Attitude towards off-label prescribing of OMPs
Most policy makers are not firmly in favor or against off-label prescribing. Some only consider it appropriate within the framework of a clinical study and if there is no “on-label” alternative available.
“I’m against under the current conditions, data are hardly being collected.” ( BNY31102 )
“I think it’s too simplistic to be “against” off-label use, but I do think that it has to happen in the context of study projects as much as possible.” ( BES14101 )
“Of course you have to check first whether there is no approved medicinal product for that indication. But if there isn’t, then off-label prescribing should have to be possible.” ( BNS11101 )
“I think OMPs need to be prioritized here, because they treat rare diseases. The clinical evidence will always be limited, but if you have a proof of concept, an idea of how a medicinal product works, then I agree that it should be available for patients as quickly as possible. It would even be unethical not to!.” ( BTY14102 )
Factors influencing off-label prescribing
According to the interviewees several factors influence the choice to prescribe an off-label treatment.
Safety and tolerability
The barrier to prescribe a medicinal product off-label is lower if the medicinal product is considered safe and well-tolerated.
“The most defining factor is the safety of the medicinal product and whether or not it causes severe side effects. You don’t want to make a patient even sicker than he already is.” ( AET13091A )

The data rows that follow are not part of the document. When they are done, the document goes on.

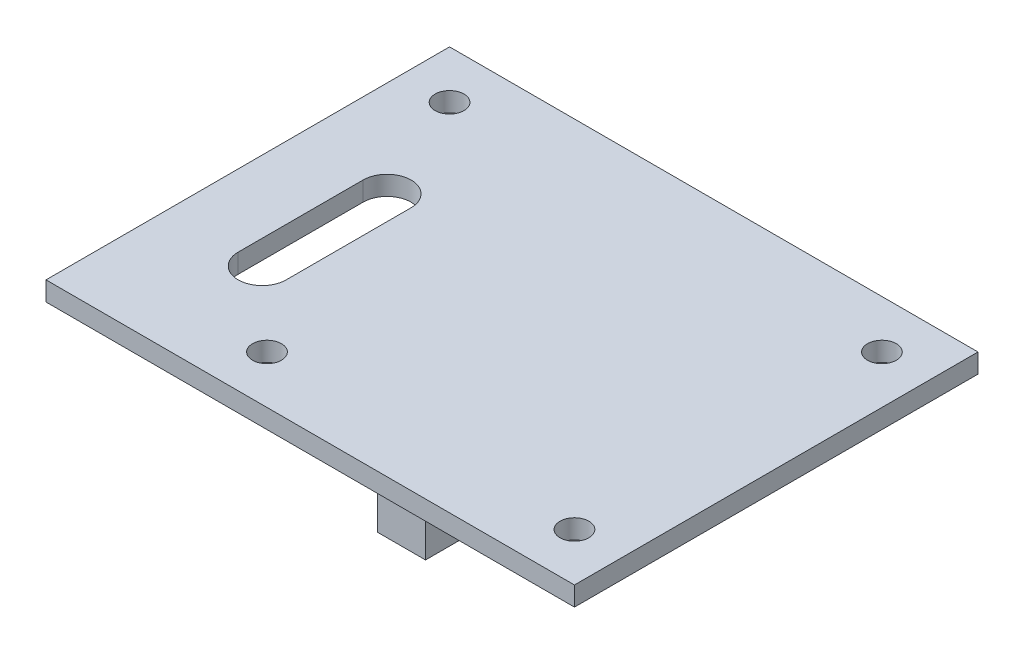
from build123d import *

# Parameters (mm, degrees)
SKICA1_W                 = 55
SKICA1_H                 = 42
SKICA1_R                 = 1.5
P_IDAT_VYSUNUT_M1_DEPTH  = 2
P_IDAT_START             = -2
SKICA12_W                = 5
SKICA12_H                = 5
P_IDAT_VYSUNUT_M5_DEPTH  = 12
SKICA13_R                = 1
ODEBRAT_VYSUNUT_M2_DEPTH = 6


with BuildPart() as part:
    # Skica1 → P_idat vysunut_m1 (new body)
    with BuildSketch(Plane(origin=(0, 0, 0), x_dir=(1, 0, 0), z_dir=(0, 1, 0))):
        with Locations((27.5, 21)):
            Rectangle(SKICA1_W, SKICA1_H)
        with Locations(Location((5, 37, 0), (0, 0, 270))):
            Circle(SKICA1_R, mode=Mode.SUBTRACT)
        with Locations(Location((18, 5, 0), (0, 0, 270))):
            Circle(SKICA1_R, mode=Mode.SUBTRACT)
        with Locations(Location((50, 5, 0), (0, 0, 270))):
            Circle(SKICA1_R, mode=Mode.SUBTRACT)
        with Locations(Location((50, 37, 0), (0, 0, 270))):
            Circle(SKICA1_R, mode=Mode.SUBTRACT)
        with BuildLine():
            Line((12.5, 25.5), (12.5, 12.5))
            ThreePointArc((12.5, 12.5), (10, 10), (7.5, 12.5))
            Line((7.5, 12.5), (7.5, 25.5))
            ThreePointArc((7.5, 25.5), (10, 28), (12.5, 25.5))
        make_face(mode=Mode.SUBTRACT)
    extrude(amount=P_IDAT_VYSUNUT_M1_DEPTH)

    # Skica12 → P_idat vysunut_m5 (add)
    with BuildSketch(Plane(origin=(0, 2, 0), x_dir=(1, 0, 0), z_dir=(0, 1, 0)).offset(P_IDAT_START)):
        with Locations((28.5, 11)):
            Rectangle(SKICA12_W, SKICA12_H)
        with Locations((28.5, 39.5)):
            Rectangle(SKICA12_W, SKICA12_H)
    extrude(amount=-P_IDAT_VYSUNUT_M5_DEPTH)

    # Skica13 → Odebrat vysunut_m2 (cut)
    with BuildSketch(Plane.ZY.offset(-26)):
        with Locations((-11, -6)):
            Circle(SKICA13_R)
        with Locations((-39.5, -6)):
            Circle(SKICA13_R)
    extrude(amount=-ODEBRAT_VYSUNUT_M2_DEPTH, mode=Mode.SUBTRACT)


solid = part.part
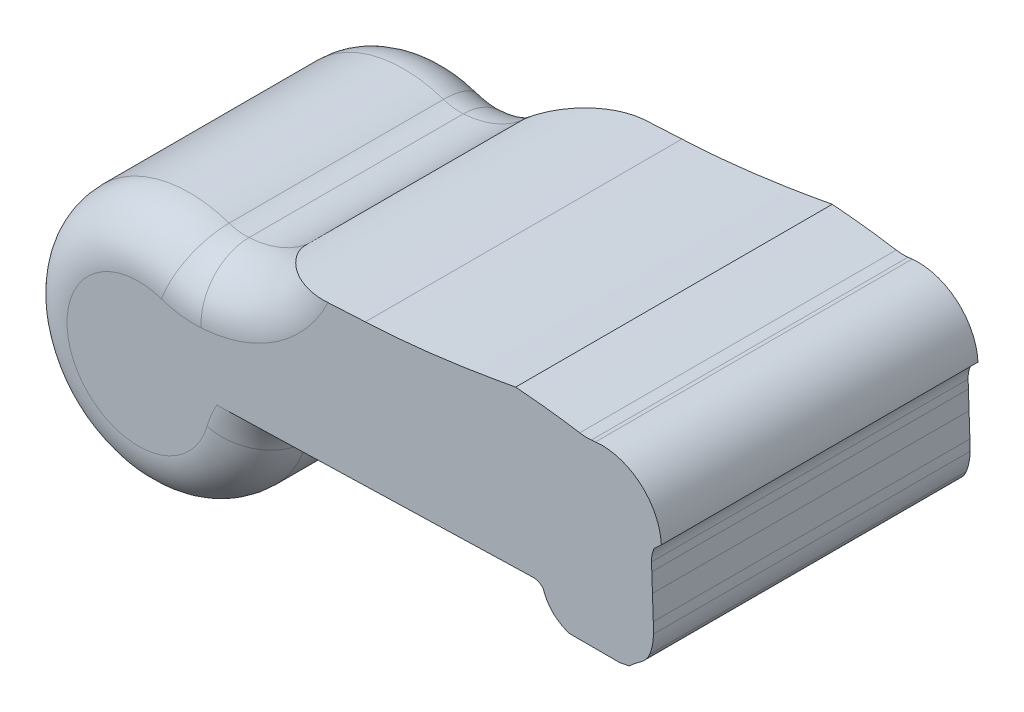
ISO-10303-21;
HEADER;
FILE_DESCRIPTION(('STEP AP214'),'2;1');
FILE_NAME('part.step','',(''),(''),'','','');
FILE_SCHEMA(('AUTOMOTIVE_DESIGN { 1 0 10303 214 1 1 1 1 }'));
ENDSEC;
DATA;
#1=APPLICATION_CONTEXT('core data for automotive mechanical design processes');
#2=APPLICATION_PROTOCOL_DEFINITION('international standard','automotive_design',2000,#1);
#3=PRODUCT_CONTEXT('',#1,'mechanical');
#4=PRODUCT('Part','Part','',(#3));
#5=PRODUCT_RELATED_PRODUCT_CATEGORY('part','',(#4));
#6=PRODUCT_DEFINITION_FORMATION('','',#4);
#7=PRODUCT_DEFINITION_CONTEXT('part definition',#1,'design');
#8=PRODUCT_DEFINITION('design','',#6,#7);
#9=PRODUCT_DEFINITION_SHAPE('','',#8);
#10=(LENGTH_UNIT() NAMED_UNIT(*) SI_UNIT(.MILLI.,.METRE.));
#11=(NAMED_UNIT(*) PLANE_ANGLE_UNIT() SI_UNIT($,.RADIAN.));
#12=(NAMED_UNIT(*) SI_UNIT($,.STERADIAN.) SOLID_ANGLE_UNIT());
#13=UNCERTAINTY_MEASURE_WITH_UNIT(LENGTH_MEASURE(1.E-05),#10,'distance_accuracy_value','');
#14=(GEOMETRIC_REPRESENTATION_CONTEXT(3) GLOBAL_UNCERTAINTY_ASSIGNED_CONTEXT((#13)) GLOBAL_UNIT_ASSIGNED_CONTEXT((#10,
#11,#12)) REPRESENTATION_CONTEXT('',''));
#15=CARTESIAN_POINT('',(0.,0.,0.));
#16=DIRECTION('',(0.,0.,1.));
#17=DIRECTION('',(1.,0.,0.));
#18=AXIS2_PLACEMENT_3D('',#15,#16,#17);
#19=CARTESIAN_POINT('',(3.95578667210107E-13,0.,-228.22));
#20=DIRECTION('',(0.,0.,-1.));
#21=DIRECTION('',(-1.,0.,0.));
#22=AXIS2_PLACEMENT_3D('',#19,#20,#21);
#23=PLANE('',#22);
#24=CARTESIAN_POINT('',(41.7933695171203,122.460772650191,-228.22));
#25=DIRECTION('',(0.,0.,-1.));
#26=DIRECTION('',(-1.,0.,0.));
#27=AXIS2_PLACEMENT_3D('',#24,#25,#26);
#28=CIRCLE('',#27,76.2);
#29=CARTESIAN_POINT('',(46.7292629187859,46.420803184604,-228.22));
#30=VERTEX_POINT('',#29);
#31=CARTESIAN_POINT('',(17.181676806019,50.3448619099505,-228.22));
#32=VERTEX_POINT('',#31);
#33=EDGE_CURVE('E985',#30,#32,#28,.T.);
#34=ORIENTED_EDGE('',*,*,#33,.F.);
#35=CARTESIAN_POINT('',(39.3921671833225,159.452526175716,-228.22));
#36=DIRECTION('',(0.,0.,-1.));
#37=DIRECTION('',(-1.,0.,0.));
#38=AXIS2_PLACEMENT_3D('',#35,#36,#37);
#39=CIRCLE('',#38,113.269604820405);
#40=CARTESIAN_POINT('',(141.308460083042,110.025078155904,-228.22));
#41=VERTEX_POINT('',#40);
#42=EDGE_CURVE('E977',#30,#41,#39,.F.);
#43=ORIENTED_EDGE('',*,*,#42,.T.);
#44=CARTESIAN_POINT('',(168.999999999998,111.505100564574,-228.22));
#45=CARTESIAN_POINT('',(164.503080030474,111.328943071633,-228.22));
#46=CARTESIAN_POINT('',(160.030257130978,111.124565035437,-228.22));
#47=CARTESIAN_POINT('',(153.357764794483,110.773931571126,-228.22));
#48=CARTESIAN_POINT('',(151.139756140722,110.649621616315,-228.22));
#49=CARTESIAN_POINT('',(146.716567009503,110.384717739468,-228.22));
#50=CARTESIAN_POINT('',(144.517441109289,110.244474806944,-228.22));
#51=CARTESIAN_POINT('',(140.15375208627,109.947106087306,-228.22));
#52=CARTESIAN_POINT('',(137.987079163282,109.789844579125,-228.22));
#53=CARTESIAN_POINT('',(133.690771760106,109.455891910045,-228.22));
#54=CARTESIAN_POINT('',(131.5674665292,109.279697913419,-228.22));
#55=CARTESIAN_POINT('',(127.37373063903,108.905874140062,-228.22));
#56=CARTESIAN_POINT('',(125.300614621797,108.707966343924,-228.22));
#57=CARTESIAN_POINT('',(121.224863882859,108.288214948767,-228.22));
#58=CARTESIAN_POINT('',(119.225647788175,108.066754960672,-228.22));
#59=CARTESIAN_POINT('',(116.290027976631,107.714487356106,-228.22));
#60=CARTESIAN_POINT('',(115.322043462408,107.59371497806,-228.22));
#61=CARTESIAN_POINT('',(113.40836188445,107.344992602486,-228.22));
#62=CARTESIAN_POINT('',(112.462553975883,107.217010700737,-228.22));
#63=CARTESIAN_POINT('',(109.67347612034,106.823477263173,-228.22));
#64=CARTESIAN_POINT('',(107.874033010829,106.54773250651,-228.22));
#65=CARTESIAN_POINT('',(104.408724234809,105.968141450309,-228.22));
#66=CARTESIAN_POINT('',(102.738610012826,105.663269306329,-228.22));
#67=CARTESIAN_POINT('',(99.587790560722,105.034352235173,-228.22));
#68=CARTESIAN_POINT('',(98.1035843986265,104.709724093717,-228.22));
#69=CARTESIAN_POINT('',(96.0333822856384,104.215558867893,-228.22));
#70=CARTESIAN_POINT('',(95.3727913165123,104.050488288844,-228.22));
#71=CARTESIAN_POINT('',(94.1191275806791,103.723722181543,-228.22));
#72=CARTESIAN_POINT('',(93.5250810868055,103.561790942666,-228.22));
#73=CARTESIAN_POINT('',(91.8461777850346,103.08556634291,-228.22));
#74=CARTESIAN_POINT('',(90.863806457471,102.780207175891,-228.22));
#75=CARTESIAN_POINT('',(89.6259166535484,102.371182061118,-228.22));
#76=CARTESIAN_POINT('',(89.251490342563,102.242707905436,-228.22));
#77=CARTESIAN_POINT('',(88.599783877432,102.013269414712,-228.22));
#78=CARTESIAN_POINT('',(88.3211012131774,101.91190255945,-228.22));
#79=CARTESIAN_POINT('',(87.6294516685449,101.65593492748,-228.22));
#80=CARTESIAN_POINT('',(87.3601570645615,101.550117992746,-228.22));
#81=CARTESIAN_POINT('',(87.2982421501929,101.526042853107,-228.22));
#82=B_SPLINE_CURVE_WITH_KNOTS('',3,(#44,#45,#46,#47,#48,#49,#50,#51,#52,#53,#54,#55,#56,#57,#58,
#59,#60,#61,#62,#63,#64,#65,#66,#67,#68,#69,#70,#71,#72,#73,#74,#75,#76,#77,#78,#79,#80,#81),
.UNSPECIFIED.,.F.,.F.,(4,2,2,2,2,2,2,2,2,2,2,2,2,2,2,2,2,2,4),(0.,0.125,0.1875,0.25,0.3125,
0.375,0.4375,0.5,0.53125,0.5625,0.625,0.6875,0.749999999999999,0.781249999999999,
0.812499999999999,0.875,0.90625,0.9375,1.),.UNSPECIFIED.);
#83=CARTESIAN_POINT('',(168.999999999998,111.505100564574,-228.22));
#84=VERTEX_POINT('',#83);
#85=EDGE_CURVE('E270',#84,#41,#82,.T.);
#86=ORIENTED_EDGE('',*,*,#85,.F.);
#87=CARTESIAN_POINT('',(280.981486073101,125.410202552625,-228.22));
#88=CARTESIAN_POINT('',(280.955195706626,125.405335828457,-228.22));
#89=CARTESIAN_POINT('',(280.901017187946,125.395306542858,-228.22));
#90=CARTESIAN_POINT('',(280.737980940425,125.36514478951,-228.22));
#91=CARTESIAN_POINT('',(280.628849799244,125.344961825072,-228.22));
#92=CARTESIAN_POINT('',(280.222487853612,125.269878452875,-228.22));
#93=CARTESIAN_POINT('',(279.85000100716,125.201124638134,-228.22));
#94=CARTESIAN_POINT('',(278.926400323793,125.031201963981,-228.22));
#95=CARTESIAN_POINT('',(278.375194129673,124.930017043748,-228.22));
#96=CARTESIAN_POINT('',(277.427450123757,124.756794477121,-228.22));
#97=CARTESIAN_POINT('',(277.090066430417,124.695241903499,-228.22));
#98=CARTESIAN_POINT('',(276.385399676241,124.566977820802,-228.22));
#99=CARTESIAN_POINT('',(276.017791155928,124.500205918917,-228.22));
#100=CARTESIAN_POINT('',(274.110565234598,124.154649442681,-228.22));
#101=CARTESIAN_POINT('',(272.366706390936,123.84137795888,-228.22));
#102=CARTESIAN_POINT('',(269.512176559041,123.335963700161,-228.22));
#103=CARTESIAN_POINT('',(268.520225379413,123.161455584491,-228.22));
#104=CARTESIAN_POINT('',(266.464527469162,122.802636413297,-228.22));
#105=CARTESIAN_POINT('',(265.39794266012,122.617839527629,-228.22));
#106=CARTESIAN_POINT('',(262.124054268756,122.055549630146,-228.22));
#107=CARTESIAN_POINT('',(259.846625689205,121.670815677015,-228.22));
#108=CARTESIAN_POINT('',(256.317937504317,121.087188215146,-228.22));
#109=CARTESIAN_POINT('',(255.121443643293,120.891312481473,-228.22));
#110=CARTESIAN_POINT('',(252.70275878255,120.499832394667,-228.22));
#111=CARTESIAN_POINT('',(251.480192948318,120.304160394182,-228.22));
#112=CARTESIAN_POINT('',(247.776455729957,119.718607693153,-228.22));
#113=CARTESIAN_POINT('',(245.259421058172,119.330220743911,-228.22));
#114=CARTESIAN_POINT('',(241.422291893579,118.754884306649,-228.22));
#115=CARTESIAN_POINT('',(240.131947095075,118.564161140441,-228.22));
#116=CARTESIAN_POINT('',(237.537147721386,118.186507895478,-228.22));
#117=CARTESIAN_POINT('',(236.233113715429,117.999633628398,-228.22));
#118=CARTESIAN_POINT('',(229.68181957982,117.076227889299,-228.22));
#119=CARTESIAN_POINT('',(224.342264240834,116.372778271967,-228.22));
#120=CARTESIAN_POINT('',(216.208808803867,115.390877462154,-228.22));
#121=CARTESIAN_POINT('',(213.478479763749,115.075997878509,-228.22));
#122=CARTESIAN_POINT('',(208.000369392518,114.475886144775,-228.22));
#123=CARTESIAN_POINT('',(205.249874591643,114.190320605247,-228.22));
#124=CARTESIAN_POINT('',(199.726936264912,113.650448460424,-228.22));
#125=CARTESIAN_POINT('',(196.954489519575,113.396141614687,-228.22));
#126=CARTESIAN_POINT('',(191.388154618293,112.920930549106,-228.22));
#127=CARTESIAN_POINT('',(188.597935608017,112.700359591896,-228.22));
#128=CARTESIAN_POINT('',(180.219352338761,112.093104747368,-228.22));
#129=CARTESIAN_POINT('',(174.617704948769,111.760498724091,-228.22));
#130=CARTESIAN_POINT('',(168.999999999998,111.505100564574,-228.22));
#131=B_SPLINE_CURVE_WITH_KNOTS('',3,(#87,#88,#89,#90,#91,#92,#93,#94,#95,#96,#97,#98,#99,#100,
#101,#102,#103,#104,#105,#106,#107,#108,#109,#110,#111,#112,#113,#114,#115,#116,#117,#118,#119,
#120,#121,#122,#123,#124,#125,#126,#127,#128,#129,#130),.UNSPECIFIED.,.F.,.F.,(4,2,2,2,2,2,2,2,
2,2,2,2,2,2,2,2,2,2,2,2,2,4),(0.,0.0156250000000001,0.0312500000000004,0.0625000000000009,
0.0937500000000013,0.109375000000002,0.125000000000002,0.187500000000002,0.218750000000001,
0.250000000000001,0.3125,0.34375,0.375,0.437499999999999,0.468749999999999,0.499999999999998,
0.624999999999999,0.687499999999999,0.749999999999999,0.812499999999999,0.875,1.),.UNSPECIFIED.);
#132=CARTESIAN_POINT('',(280.981486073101,125.410202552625,-228.22));
#133=VERTEX_POINT('',#132);
#134=EDGE_CURVE('E277',#133,#84,#131,.T.);
#135=ORIENTED_EDGE('',*,*,#134,.F.);
#136=CARTESIAN_POINT('',(328.685624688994,119.753296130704,-228.22));
#137=CARTESIAN_POINT('',(320.752692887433,121.072712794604,-228.22));
#138=CARTESIAN_POINT('',(312.808913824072,122.162088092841,-228.22));
#139=CARTESIAN_POINT('',(296.906017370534,124.015553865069,-228.22));
#140=CARTESIAN_POINT('',(288.946810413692,124.777744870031,-228.22));
#141=CARTESIAN_POINT('',(280.981486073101,125.410202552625,-228.22));
#142=B_SPLINE_CURVE_WITH_KNOTS('',3,(#136,#137,#138,#139,#140,#141),.UNSPECIFIED.,.F.,.F.,(4,2,
4),(0.,0.5,1.),.UNSPECIFIED.);
#143=CARTESIAN_POINT('',(328.685624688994,119.753296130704,-228.22));
#144=VERTEX_POINT('',#143);
#145=EDGE_CURVE('E286',#144,#133,#142,.T.);
#146=ORIENTED_EDGE('',*,*,#145,.F.);
#147=CARTESIAN_POINT('',(337.404947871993,119.486933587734,-228.22));
#148=CARTESIAN_POINT('',(335.945685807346,119.333558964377,-228.22));
#149=CARTESIAN_POINT('',(334.489504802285,119.281042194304,-228.22));
#150=CARTESIAN_POINT('',(331.583085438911,119.370539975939,-228.22));
#151=CARTESIAN_POINT('',(330.132848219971,119.51259182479,-228.22));
#152=CARTESIAN_POINT('',(328.685624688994,119.753296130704,-228.22));
#153=B_SPLINE_CURVE_WITH_KNOTS('',3,(#147,#148,#149,#150,#151,#152),.UNSPECIFIED.,.F.,.F.,(4,2,
4),(0.,0.5,1.),.UNSPECIFIED.);
#154=CARTESIAN_POINT('',(337.404947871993,119.486933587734,-228.219999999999));
#155=VERTEX_POINT('',#154);
#156=EDGE_CURVE('E295',#155,#144,#153,.T.);
#157=ORIENTED_EDGE('',*,*,#156,.F.);
#158=DIRECTION('',(-0.994521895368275,-0.104528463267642,0.));
#159=VECTOR('',#158,1.);
#160=CARTESIAN_POINT('',(337.404947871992,119.486933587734,-228.219999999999));
#161=LINE('',#160,#159);
#162=CARTESIAN_POINT('',(340.494335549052,119.811641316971,-228.22));
#163=VERTEX_POINT('',#162);
#164=EDGE_CURVE('E304',#163,#155,#161,.T.);
#165=ORIENTED_EDGE('',*,*,#164,.F.);
#166=CARTESIAN_POINT('',(345.024099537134,75.4610767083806,-228.22));
#167=DIRECTION('',(0.,0.,1.));
#168=DIRECTION('',(0.656059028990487,0.75470958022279,0.));
#169=AXIS2_PLACEMENT_3D('',#166,#167,#168);
#170=ELLIPSE('',#169,44.6512533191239,44.5199999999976);
#171=CARTESIAN_POINT('',(389.542596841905,77.865896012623,-228.219999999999));
#172=VERTEX_POINT('',#171);
#173=EDGE_CURVE('E311',#172,#163,#170,.T.);
#174=ORIENTED_EDGE('',*,*,#173,.F.);
#175=DIRECTION('',(0.73875791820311,0.673970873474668,0.));
#176=VECTOR('',#175,1.);
#177=CARTESIAN_POINT('',(384.060461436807,72.8645288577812,-228.219999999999));
#178=LINE('',#177,#176);
#179=CARTESIAN_POINT('',(384.060461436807,72.8645288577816,-228.22));
#180=VERTEX_POINT('',#179);
#181=EDGE_CURVE('E315',#180,#172,#178,.T.);
#182=ORIENTED_EDGE('',*,*,#181,.F.);
#183=CARTESIAN_POINT('',(382.184587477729,63.250000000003,-228.22));
#184=CARTESIAN_POINT('',(382.167903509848,63.7277663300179,-228.22));
#185=CARTESIAN_POINT('',(382.167413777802,64.2027953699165,-228.22));
#186=CARTESIAN_POINT('',(382.197724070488,65.1474593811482,-228.22));
#187=CARTESIAN_POINT('',(382.228880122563,65.6190449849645,-228.22));
#188=CARTESIAN_POINT('',(382.363302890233,66.9911078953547,-228.22));
#189=CARTESIAN_POINT('',(382.507080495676,67.8602268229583,-228.22));
#190=CARTESIAN_POINT('',(382.781939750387,69.100955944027,-228.22));
#191=CARTESIAN_POINT('',(382.884117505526,69.5057364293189,-228.22));
#192=CARTESIAN_POINT('',(383.09908909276,70.273526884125,-228.22));
#193=CARTESIAN_POINT('',(383.212330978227,70.6390564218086,-228.22));
#194=CARTESIAN_POINT('',(383.446267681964,71.3353976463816,-228.22));
#195=CARTESIAN_POINT('',(383.566973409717,71.6662035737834,-228.22));
#196=CARTESIAN_POINT('',(383.812362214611,72.2933887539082,-228.22));
#197=CARTESIAN_POINT('',(383.93762936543,72.5908890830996,-228.22));
#198=CARTESIAN_POINT('',(384.060461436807,72.8645288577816,-228.22));
#199=B_SPLINE_CURVE_WITH_KNOTS('',3,(#183,#184,#185,#186,#187,#188,#189,#190,#191,#192,#193,
#194,#195,#196,#197,#198),.UNSPECIFIED.,.F.,.F.,(4,2,2,2,2,2,2,4),(0.,0.125,0.25,
0.499999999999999,0.624999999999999,0.749999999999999,0.875,1.),.UNSPECIFIED.);
#200=CARTESIAN_POINT('',(382.184587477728,63.2499999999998,-228.219999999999));
#201=VERTEX_POINT('',#200);
#202=EDGE_CURVE('E319',#201,#180,#199,.T.);
#203=ORIENTED_EDGE('',*,*,#202,.F.);
#204=DIRECTION('',(-0.034899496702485,0.999390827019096,0.));
#205=VECTOR('',#204,1.);
#206=CARTESIAN_POINT('',(382.403898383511,56.9697573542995,-228.219999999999));
#207=LINE('',#206,#205);
#208=CARTESIAN_POINT('',(382.403898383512,56.9697573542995,-228.22));
#209=VERTEX_POINT('',#208);
#210=EDGE_CURVE('E325',#209,#201,#207,.T.);
#211=ORIENTED_EDGE('',*,*,#210,.F.);
#212=CARTESIAN_POINT('',(382.882434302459,43.2662815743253,-228.22));
#213=CARTESIAN_POINT('',(382.842554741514,44.4082827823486,-228.22));
#214=CARTESIAN_POINT('',(382.809463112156,45.5504837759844,-228.22));
#215=CARTESIAN_POINT('',(382.747391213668,47.8350067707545,-228.22));
#216=CARTESIAN_POINT('',(382.718682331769,48.977336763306,-228.22));
#217=CARTESIAN_POINT('',(382.642777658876,51.2614526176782,-228.22));
#218=CARTESIAN_POINT('',(382.592621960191,52.4030173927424,-228.22));
#219=CARTESIAN_POINT('',(382.492353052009,54.6861486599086,-228.22));
#220=CARTESIAN_POINT('',(382.443777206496,55.8277772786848,-228.22));
#221=CARTESIAN_POINT('',(382.403898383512,56.9697573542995,-228.22));
#222=B_SPLINE_CURVE_WITH_KNOTS('',3,(#212,#213,#214,#215,#216,#217,#218,#219,#220,#221),
.UNSPECIFIED.,.F.,.F.,(4,2,2,2,4),(0.,0.25,0.5,0.75,1.),.UNSPECIFIED.);
#223=CARTESIAN_POINT('',(382.882434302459,43.2662815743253,-228.219999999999));
#224=VERTEX_POINT('',#223);
#225=EDGE_CURVE('E332',#224,#209,#222,.T.);
#226=ORIENTED_EDGE('',*,*,#225,.F.);
#227=DIRECTION('',(-0.0348994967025,0.999390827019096,0.));
#228=VECTOR('',#227,1.);
#229=CARTESIAN_POINT('',(383.507766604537,25.3591073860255,-228.219999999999));
#230=LINE('',#229,#228);
#231=CARTESIAN_POINT('',(383.507766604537,25.3591073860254,-228.22));
#232=VERTEX_POINT('',#231);
#233=EDGE_CURVE('E338',#232,#224,#230,.T.);
#234=ORIENTED_EDGE('',*,*,#233,.F.);
#235=CARTESIAN_POINT('',(383.63610391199,17.3842894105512,-228.22));
#236=CARTESIAN_POINT('',(383.644507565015,20.0433857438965,-228.22));
#237=CARTESIAN_POINT('',(383.600567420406,22.7016397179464,-228.22));
#238=CARTESIAN_POINT('',(383.507766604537,25.3591073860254,-228.22));
#239=B_SPLINE_CURVE_WITH_KNOTS('',3,(#235,#236,#237,#238),.UNSPECIFIED.,.F.,.F.,(4,4),(0.,1.),.UNSPECIFIED.);
#240=CARTESIAN_POINT('',(383.63610391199,17.3842894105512,-228.22));
#241=VERTEX_POINT('',#240);
#242=EDGE_CURVE('E345',#241,#232,#239,.T.);
#243=ORIENTED_EDGE('',*,*,#242,.F.);
#244=CARTESIAN_POINT('',(380.83926825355,2.93998050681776,-228.22));
#245=CARTESIAN_POINT('',(381.76401159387,5.25856632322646,-228.22));
#246=CARTESIAN_POINT('',(382.453233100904,7.62275597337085,-228.22));
#247=CARTESIAN_POINT('',(383.385336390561,12.4375595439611,-228.22));
#248=CARTESIAN_POINT('',(383.628215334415,14.8881740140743,-228.22));
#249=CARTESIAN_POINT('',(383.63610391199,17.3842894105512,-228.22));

“Once you go off-label, I think safety is the most important thing. Safety and tolerability. (…) Medicinal products with a good safety profile have a better chance of getting prescribed off-label.” ( ANS02101L )
Effectiveness
All stakeholders agree that, although the evidence on the effectiveness of a medicinal product may be limited, treatment decisions should still be evidence-based. Physicians keep up to date by following publications within their area of expertise. New findings are also discussed with national and international colleagues. Peer-to-peer consulting is considered a crucial aspect, even though the ultimate decision to start a new off-label treatment is personal.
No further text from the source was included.